WHAT TO PRODUCE:
One figure is the expected answer: how many lines in the listing contain "VECTOR".

AVAILABLE DATA:
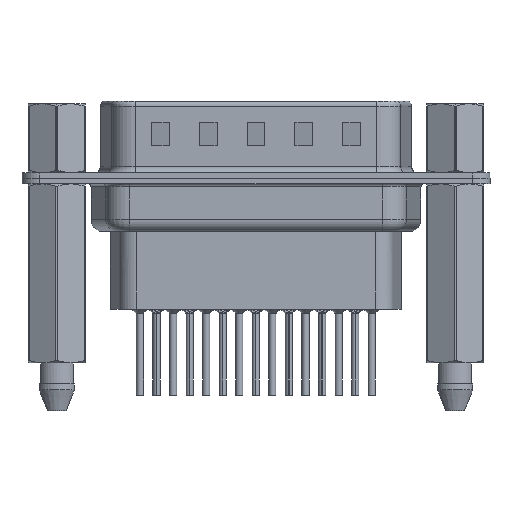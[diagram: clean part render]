
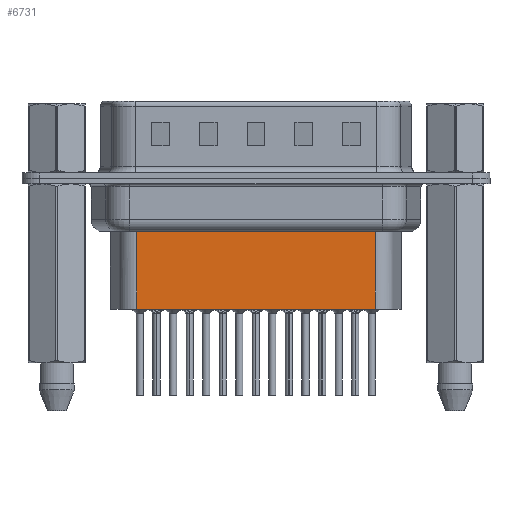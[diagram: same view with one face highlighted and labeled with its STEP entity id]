
A CAD part, front view. The second image highlights one B-rep face of the part: STEP entity #6731.
In plain terms, the highlighted planar face has unit normal (0, -1, 0).
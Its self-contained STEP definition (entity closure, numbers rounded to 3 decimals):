
#589 = EDGE_CURVE ( 'NONE', #7489, #6150, #15405, .T. ) ;
#1385 = LINE ( 'NONE', #28343, #15281 ) ;
#1425 = ORIENTED_EDGE ( 'NONE', *, *, #589, .F. ) ;
#2341 = CARTESIAN_POINT ( 'NONE',  ( 26.619, -3.5, -4.097 ) ) ;
#6049 = PLANE ( 'NONE',  #26904 ) ;
#6150 = VERTEX_POINT ( 'NONE', #20783 ) ;
#6372 = DIRECTION ( 'NONE',  ( 0., 0., -1. ) ) ;
#6677 = EDGE_CURVE ( 'NONE', #7489, #8469, #1385, .T. ) ;
#6731 = ADVANCED_FACE ( 'NONE', ( #10138 ), #6049, .T. ) ;
#7255 = CARTESIAN_POINT ( 'NONE',  ( 6.681, -3.5, -3.1 ) ) ;
#7489 = VERTEX_POINT ( 'NONE', #2341 ) ;
#7531 = LINE ( 'NONE', #7255, #19776 ) ;
#8098 = CARTESIAN_POINT ( 'NONE',  ( 6.681, -3.5, -3.1 ) ) ;
#8469 = VERTEX_POINT ( 'NONE', #20345 ) ;
#8610 = DIRECTION ( 'NONE',  ( -1., 0., 0. ) ) ;
#9989 = DIRECTION ( 'NONE',  ( -1., 0., 0. ) ) ;
#10132 = VERTEX_POINT ( 'NONE', #17285 ) ;
#10138 = FACE_OUTER_BOUND ( 'NONE', #26375, .T. ) ;
#12162 = ORIENTED_EDGE ( 'NONE', *, *, #6677, .T. ) ;
#12781 = DIRECTION ( 'NONE',  ( 1., 0., 0. ) ) ;
#14525 = DIRECTION ( 'NONE',  ( 0., -1., 0. ) ) ;
#15281 = VECTOR ( 'NONE', #9989, 1000. ) ;
#15405 = LINE ( 'NONE', #17863, #23604 ) ;
#16134 = DIRECTION ( 'NONE',  ( 0., 0., -1. ) ) ;
#16987 = EDGE_CURVE ( 'NONE', #8469, #10132, #7531, .T. ) ;
#17285 = CARTESIAN_POINT ( 'NONE',  ( 6.681, -3.5, -10.95 ) ) ;
#17621 = CARTESIAN_POINT ( 'NONE',  ( 6.681, -3.5, -10.95 ) ) ;
#17863 = CARTESIAN_POINT ( 'NONE',  ( 26.619, -3.5, -3.1 ) ) ;
#19658 = LINE ( 'NONE', #17621, #21327 ) ;
#19776 = VECTOR ( 'NONE', #16134, 1000. ) ;
#20345 = CARTESIAN_POINT ( 'NONE',  ( 6.681, -3.5, -4.097 ) ) ;
#20783 = CARTESIAN_POINT ( 'NONE',  ( 26.619, -3.5, -10.95 ) ) ;
#21123 = ORIENTED_EDGE ( 'NONE', *, *, #16987, .T. ) ;
#21327 = VECTOR ( 'NONE', #8610, 1000. ) ;
#23604 = VECTOR ( 'NONE', #6372, 1000. ) ;
#25782 = EDGE_CURVE ( 'NONE', #6150, #10132, #19658, .T. ) ;
#26000 = ORIENTED_EDGE ( 'NONE', *, *, #25782, .F. ) ;
#26375 = EDGE_LOOP ( 'NONE', ( #1425, #12162, #21123, #26000 ) ) ;
#26904 = AXIS2_PLACEMENT_3D ( 'NONE', #8098, #14525, #12781 ) ;
#28343 = CARTESIAN_POINT ( 'NONE',  ( 6.434, -3.5, -4.097 ) ) ;

ANSWER FOR THE TASK:
4